Hafize Teyzenin gözleri dolmuş, beni dinliyordu. O sırada evin yanındaki yokuştan koyunlar gelmeye başladı, koyunların arasında da üç beş tane çocuk. En arkadan da Zeynep geliyordu. Zeynep’i görünce gözlerim doldu. Ağlamayacağım, ağlamayacağım diyerek içimden sürekli kendime sesleniyordum. Zeynep biraz daha yaklaştı. Boyu uzamış, yüzü biraz değişmişti. Ama bakışları… Hala aynıydı. İlk başta tanıyamadı. Yanımıza kadar gelmişti artık.

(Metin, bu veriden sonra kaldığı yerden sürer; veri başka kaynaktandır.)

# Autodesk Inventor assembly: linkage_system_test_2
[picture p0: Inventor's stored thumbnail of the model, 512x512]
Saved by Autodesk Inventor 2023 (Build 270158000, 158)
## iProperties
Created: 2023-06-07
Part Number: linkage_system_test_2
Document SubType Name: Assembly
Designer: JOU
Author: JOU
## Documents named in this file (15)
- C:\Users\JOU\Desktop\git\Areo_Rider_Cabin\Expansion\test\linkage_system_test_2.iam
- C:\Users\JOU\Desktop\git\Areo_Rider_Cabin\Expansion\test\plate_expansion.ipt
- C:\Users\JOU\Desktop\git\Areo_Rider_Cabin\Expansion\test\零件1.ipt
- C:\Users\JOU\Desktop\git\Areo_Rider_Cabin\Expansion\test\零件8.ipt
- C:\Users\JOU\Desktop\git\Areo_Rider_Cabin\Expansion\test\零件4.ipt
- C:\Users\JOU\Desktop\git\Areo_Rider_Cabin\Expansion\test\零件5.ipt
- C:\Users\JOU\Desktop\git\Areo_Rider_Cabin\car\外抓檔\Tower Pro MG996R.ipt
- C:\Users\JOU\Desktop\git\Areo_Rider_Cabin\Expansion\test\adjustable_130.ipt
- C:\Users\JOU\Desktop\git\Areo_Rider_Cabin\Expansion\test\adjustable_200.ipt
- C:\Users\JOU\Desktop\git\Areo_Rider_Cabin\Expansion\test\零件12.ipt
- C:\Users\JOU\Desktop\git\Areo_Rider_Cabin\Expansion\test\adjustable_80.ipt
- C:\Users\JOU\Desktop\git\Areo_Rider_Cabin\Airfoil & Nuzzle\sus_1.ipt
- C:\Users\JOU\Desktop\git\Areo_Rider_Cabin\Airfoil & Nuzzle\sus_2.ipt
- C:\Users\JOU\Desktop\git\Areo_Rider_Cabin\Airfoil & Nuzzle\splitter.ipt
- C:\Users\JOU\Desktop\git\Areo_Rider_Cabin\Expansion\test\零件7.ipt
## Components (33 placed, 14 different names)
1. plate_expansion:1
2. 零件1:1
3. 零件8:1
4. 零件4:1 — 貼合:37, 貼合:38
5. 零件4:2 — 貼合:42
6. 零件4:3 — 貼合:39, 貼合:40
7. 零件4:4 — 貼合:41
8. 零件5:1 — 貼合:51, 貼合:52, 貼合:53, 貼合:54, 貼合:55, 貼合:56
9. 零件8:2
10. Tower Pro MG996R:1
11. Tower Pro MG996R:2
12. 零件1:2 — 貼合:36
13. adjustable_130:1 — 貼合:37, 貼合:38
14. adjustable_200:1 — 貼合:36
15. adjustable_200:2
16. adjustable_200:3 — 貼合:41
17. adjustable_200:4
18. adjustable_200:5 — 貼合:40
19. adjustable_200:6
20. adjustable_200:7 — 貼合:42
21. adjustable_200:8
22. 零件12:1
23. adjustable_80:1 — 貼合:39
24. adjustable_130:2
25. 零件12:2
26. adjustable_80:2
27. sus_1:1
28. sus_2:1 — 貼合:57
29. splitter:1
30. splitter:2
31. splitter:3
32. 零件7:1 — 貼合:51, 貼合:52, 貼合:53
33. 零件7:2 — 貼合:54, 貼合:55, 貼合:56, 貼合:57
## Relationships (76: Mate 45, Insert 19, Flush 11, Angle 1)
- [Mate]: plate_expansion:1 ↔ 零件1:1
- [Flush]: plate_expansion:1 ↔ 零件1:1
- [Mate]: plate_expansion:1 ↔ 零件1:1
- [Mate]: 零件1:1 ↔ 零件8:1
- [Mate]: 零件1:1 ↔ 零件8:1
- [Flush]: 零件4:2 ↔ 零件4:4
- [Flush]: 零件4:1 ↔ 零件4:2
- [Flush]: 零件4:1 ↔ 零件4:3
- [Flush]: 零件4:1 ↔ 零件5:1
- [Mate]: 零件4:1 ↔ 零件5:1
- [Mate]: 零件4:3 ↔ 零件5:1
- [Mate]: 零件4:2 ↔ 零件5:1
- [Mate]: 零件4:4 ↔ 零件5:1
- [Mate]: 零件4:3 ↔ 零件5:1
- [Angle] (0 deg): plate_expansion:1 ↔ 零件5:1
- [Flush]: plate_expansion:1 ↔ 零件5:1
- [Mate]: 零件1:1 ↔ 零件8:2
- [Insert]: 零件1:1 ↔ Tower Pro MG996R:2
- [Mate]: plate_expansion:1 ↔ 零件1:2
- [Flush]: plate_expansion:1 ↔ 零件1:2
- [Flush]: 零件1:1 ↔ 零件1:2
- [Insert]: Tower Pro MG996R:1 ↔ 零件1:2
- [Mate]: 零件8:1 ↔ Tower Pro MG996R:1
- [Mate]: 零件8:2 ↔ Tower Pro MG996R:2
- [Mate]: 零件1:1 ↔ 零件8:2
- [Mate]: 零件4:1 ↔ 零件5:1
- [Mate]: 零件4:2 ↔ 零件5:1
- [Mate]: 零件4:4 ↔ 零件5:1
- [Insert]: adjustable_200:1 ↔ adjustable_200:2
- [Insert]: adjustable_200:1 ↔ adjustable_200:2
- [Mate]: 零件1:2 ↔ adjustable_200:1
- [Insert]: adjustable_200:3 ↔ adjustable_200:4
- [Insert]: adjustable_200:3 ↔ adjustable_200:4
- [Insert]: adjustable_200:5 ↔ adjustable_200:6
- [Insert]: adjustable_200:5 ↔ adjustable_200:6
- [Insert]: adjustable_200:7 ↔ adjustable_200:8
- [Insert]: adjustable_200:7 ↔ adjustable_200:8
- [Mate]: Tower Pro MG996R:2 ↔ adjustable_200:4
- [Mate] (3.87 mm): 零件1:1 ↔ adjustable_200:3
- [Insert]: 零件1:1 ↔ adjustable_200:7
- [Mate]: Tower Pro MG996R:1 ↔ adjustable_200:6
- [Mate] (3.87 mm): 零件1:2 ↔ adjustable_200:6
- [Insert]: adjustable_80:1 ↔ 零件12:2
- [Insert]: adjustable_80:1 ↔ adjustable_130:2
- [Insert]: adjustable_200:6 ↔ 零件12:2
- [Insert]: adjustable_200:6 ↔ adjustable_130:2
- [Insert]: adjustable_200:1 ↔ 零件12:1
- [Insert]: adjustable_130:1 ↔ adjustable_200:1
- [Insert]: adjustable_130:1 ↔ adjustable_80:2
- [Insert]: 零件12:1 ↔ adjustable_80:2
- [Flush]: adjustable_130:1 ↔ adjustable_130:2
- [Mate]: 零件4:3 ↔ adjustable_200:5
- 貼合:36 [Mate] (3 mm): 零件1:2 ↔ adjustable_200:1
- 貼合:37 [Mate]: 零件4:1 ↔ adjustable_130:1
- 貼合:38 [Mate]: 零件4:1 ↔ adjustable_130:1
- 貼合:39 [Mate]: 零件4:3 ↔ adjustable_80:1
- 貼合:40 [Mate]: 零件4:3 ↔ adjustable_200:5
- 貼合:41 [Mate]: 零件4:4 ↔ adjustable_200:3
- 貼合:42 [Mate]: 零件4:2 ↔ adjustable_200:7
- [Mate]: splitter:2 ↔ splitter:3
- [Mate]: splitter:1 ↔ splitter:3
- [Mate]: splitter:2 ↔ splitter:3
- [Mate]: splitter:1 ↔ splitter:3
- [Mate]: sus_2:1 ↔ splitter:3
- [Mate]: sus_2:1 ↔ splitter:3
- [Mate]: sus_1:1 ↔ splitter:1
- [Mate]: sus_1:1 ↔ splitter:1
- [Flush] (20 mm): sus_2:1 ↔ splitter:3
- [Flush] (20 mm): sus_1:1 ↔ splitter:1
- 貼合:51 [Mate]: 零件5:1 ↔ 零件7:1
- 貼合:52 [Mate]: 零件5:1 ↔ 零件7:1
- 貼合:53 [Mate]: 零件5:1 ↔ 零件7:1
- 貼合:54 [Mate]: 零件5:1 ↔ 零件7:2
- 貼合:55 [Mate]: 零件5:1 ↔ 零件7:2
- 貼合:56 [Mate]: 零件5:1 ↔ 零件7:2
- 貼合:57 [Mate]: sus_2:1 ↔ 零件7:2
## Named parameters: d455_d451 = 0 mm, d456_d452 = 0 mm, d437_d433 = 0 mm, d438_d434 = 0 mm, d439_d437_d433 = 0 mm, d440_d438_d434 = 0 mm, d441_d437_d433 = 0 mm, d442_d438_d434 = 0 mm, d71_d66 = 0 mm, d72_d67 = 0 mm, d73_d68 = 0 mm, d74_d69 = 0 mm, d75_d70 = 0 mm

‘‘Zeynep beni hatırladın mı?’’ diye sordum. Cümlemi tam bitirecekken Zeynep gelip boynuma sarılmıştı bile. İkimizde ağlıyorduk, tutamamıştım kendimi. Buz gibi donmuş kalbimi Urfa’nın sıcağı değil, Zeynep’in yüreğinin sıcaklığı eritmişti. Yağmur gibi yağıyordu gözlerimden yaşlar. Kemal bu halimden etkilenmiş olacak ki yine soğuk şakalar yapıp ortamın havasını değiştirmeye çalışıyordu.

‘‘Yahu göl oldu buralar, çocuklar yüzmeyi biliyorsunuzdur inşallah.’’ dedi.

Ona dönüp bir bakış attım ama bu sefer tutamadım kendimi ve gülmeye başladım. Zeynep gülmeye başladı. Kaç saat orada kaldık hatırlayamıyorum. Ama Zeynep’i ve yedi kardeşini daha yakından tanımam için yetecek kadar çok saat kalmıştık. Onlar için de hediyeler almıştık ama o anın heyecanıyla unutmuştuk. Sonradan Kemal’in aklına geldi. Gitti getirdi hediyelerini, o kadar mutlu oldular ki…

Yavaş yavaş veda vakti geliyordu, Hafize teyzeme ve küçük kardeşlerine sımsıkı sarıldım… Zeynep’i sona bıraktım. Girebildiğin gönül memleketin demişler, burası da benim bilmem kaçıncı memleketim…Onunla da sımsıkı sarıldıktan sonra gönlüme bir memleket daha ekleyip arabaya bindim. O kadar güzeldi ki Zeynep ve kardeşleri Kemal’e dönüp;

‘‘Farkında olmadan toprağa saçılmış tohum gibiler, Zeynep’te sanki bir fidan.’’dedim.

Kemal’de ‘‘Sularsan yetişir büyür ağaç olur, sulamazsan kurur, çürür, toprağa karışır yok olur bu güzelim fidanlar. ’’dedi. O sırada göz göze geldik ve bir söz daha vermiştik, içimizden.